◆ What you are asked to do
Among the lines of the data, copy those that hold "name".

[[ Extracted material, beginning ]]

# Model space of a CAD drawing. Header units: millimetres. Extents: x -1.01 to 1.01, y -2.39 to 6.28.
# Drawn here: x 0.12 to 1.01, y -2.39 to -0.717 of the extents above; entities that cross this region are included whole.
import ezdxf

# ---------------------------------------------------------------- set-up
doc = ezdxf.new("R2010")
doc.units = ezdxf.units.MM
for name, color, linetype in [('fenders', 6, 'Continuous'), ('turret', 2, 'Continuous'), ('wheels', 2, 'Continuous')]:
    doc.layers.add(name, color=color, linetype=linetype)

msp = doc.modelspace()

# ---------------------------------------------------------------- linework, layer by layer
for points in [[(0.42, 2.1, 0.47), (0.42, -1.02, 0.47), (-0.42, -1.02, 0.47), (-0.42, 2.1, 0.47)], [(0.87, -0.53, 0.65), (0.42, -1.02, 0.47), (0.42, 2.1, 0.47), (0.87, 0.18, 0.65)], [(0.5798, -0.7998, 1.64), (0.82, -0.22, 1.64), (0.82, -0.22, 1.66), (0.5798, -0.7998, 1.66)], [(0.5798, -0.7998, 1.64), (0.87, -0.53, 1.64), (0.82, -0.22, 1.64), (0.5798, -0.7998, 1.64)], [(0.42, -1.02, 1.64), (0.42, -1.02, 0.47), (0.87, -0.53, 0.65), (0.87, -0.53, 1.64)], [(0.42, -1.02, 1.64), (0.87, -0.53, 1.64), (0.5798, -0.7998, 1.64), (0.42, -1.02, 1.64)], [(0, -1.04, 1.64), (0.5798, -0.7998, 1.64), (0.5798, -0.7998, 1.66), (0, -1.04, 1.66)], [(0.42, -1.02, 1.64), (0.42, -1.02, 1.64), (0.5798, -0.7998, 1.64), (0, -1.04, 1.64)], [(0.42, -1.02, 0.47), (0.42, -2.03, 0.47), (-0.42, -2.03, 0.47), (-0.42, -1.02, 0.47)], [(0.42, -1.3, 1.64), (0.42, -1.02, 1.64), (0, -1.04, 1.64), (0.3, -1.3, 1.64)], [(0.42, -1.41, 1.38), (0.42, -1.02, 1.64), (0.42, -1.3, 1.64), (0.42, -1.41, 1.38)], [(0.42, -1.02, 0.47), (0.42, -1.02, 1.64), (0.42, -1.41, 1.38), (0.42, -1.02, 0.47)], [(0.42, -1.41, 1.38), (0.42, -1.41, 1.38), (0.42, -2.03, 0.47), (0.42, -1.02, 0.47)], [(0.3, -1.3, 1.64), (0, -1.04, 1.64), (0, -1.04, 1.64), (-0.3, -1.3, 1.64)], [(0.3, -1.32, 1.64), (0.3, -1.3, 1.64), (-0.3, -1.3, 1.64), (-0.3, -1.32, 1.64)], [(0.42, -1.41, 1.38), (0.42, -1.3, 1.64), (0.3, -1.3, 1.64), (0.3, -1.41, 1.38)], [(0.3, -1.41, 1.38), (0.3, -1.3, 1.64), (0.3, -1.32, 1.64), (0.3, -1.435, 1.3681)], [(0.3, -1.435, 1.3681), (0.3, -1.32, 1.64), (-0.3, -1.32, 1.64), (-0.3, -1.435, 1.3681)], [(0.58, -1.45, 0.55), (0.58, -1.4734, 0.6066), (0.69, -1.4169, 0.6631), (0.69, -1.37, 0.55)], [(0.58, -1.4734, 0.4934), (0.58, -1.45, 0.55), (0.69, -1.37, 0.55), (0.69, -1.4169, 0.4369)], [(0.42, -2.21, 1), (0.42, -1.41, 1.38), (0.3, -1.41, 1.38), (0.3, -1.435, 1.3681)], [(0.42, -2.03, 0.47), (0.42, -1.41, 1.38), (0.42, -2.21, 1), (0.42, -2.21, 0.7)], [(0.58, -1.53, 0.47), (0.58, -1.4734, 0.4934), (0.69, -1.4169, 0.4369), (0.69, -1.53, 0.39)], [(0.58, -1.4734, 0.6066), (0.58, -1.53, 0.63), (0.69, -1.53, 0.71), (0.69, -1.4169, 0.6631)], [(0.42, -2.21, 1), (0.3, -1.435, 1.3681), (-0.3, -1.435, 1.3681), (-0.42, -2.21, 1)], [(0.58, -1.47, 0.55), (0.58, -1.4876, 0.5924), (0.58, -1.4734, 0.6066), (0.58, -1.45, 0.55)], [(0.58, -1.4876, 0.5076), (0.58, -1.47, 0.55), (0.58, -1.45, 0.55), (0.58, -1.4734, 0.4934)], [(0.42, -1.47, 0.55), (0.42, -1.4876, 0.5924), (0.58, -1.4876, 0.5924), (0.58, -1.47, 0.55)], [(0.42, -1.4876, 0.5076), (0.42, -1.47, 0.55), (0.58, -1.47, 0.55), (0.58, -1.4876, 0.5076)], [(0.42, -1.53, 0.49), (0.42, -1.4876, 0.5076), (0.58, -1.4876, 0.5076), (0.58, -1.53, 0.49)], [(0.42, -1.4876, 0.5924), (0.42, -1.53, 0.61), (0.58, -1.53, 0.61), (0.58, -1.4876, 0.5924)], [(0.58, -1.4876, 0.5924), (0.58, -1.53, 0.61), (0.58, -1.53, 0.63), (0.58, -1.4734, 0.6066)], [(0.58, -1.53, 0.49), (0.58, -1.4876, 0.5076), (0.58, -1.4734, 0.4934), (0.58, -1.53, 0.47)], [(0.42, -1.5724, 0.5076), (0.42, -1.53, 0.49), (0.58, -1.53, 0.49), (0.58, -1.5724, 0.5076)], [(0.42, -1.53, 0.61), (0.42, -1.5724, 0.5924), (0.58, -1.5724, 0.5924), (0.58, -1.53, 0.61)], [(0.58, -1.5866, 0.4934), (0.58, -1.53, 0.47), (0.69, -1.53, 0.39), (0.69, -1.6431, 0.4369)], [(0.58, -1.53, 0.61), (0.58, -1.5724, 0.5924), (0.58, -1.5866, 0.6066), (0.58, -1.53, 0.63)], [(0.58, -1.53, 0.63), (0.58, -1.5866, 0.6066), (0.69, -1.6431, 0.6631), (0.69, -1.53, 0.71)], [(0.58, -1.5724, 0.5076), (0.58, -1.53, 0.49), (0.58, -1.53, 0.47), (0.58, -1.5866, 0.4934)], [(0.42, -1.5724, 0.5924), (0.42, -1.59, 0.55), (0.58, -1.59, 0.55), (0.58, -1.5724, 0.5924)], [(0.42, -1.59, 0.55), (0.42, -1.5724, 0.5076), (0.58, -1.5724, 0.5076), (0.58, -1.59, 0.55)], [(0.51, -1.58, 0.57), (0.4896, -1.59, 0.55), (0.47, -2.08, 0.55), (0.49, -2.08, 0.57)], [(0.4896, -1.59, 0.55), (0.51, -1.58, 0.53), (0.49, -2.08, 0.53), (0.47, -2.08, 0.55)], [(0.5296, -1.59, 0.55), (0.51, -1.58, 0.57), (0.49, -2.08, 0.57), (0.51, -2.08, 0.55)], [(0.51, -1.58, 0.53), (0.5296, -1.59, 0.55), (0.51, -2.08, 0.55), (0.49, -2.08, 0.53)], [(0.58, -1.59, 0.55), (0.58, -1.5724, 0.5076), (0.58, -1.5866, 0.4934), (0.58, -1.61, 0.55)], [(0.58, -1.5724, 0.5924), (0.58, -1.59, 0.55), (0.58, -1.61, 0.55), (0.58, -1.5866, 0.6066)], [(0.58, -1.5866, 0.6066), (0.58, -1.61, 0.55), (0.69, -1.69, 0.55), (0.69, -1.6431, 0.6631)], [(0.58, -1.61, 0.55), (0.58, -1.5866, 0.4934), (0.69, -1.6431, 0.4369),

[[ Extracted material, end ]]

◆ Reply
for name, color, linetype in [('fenders', 6, 'Continuous'), ('turret', 2, 'Continuous'), ('wheels', 2, 'Continuous')]:
    doc.layers.add(name, color=color, linetype=linetype)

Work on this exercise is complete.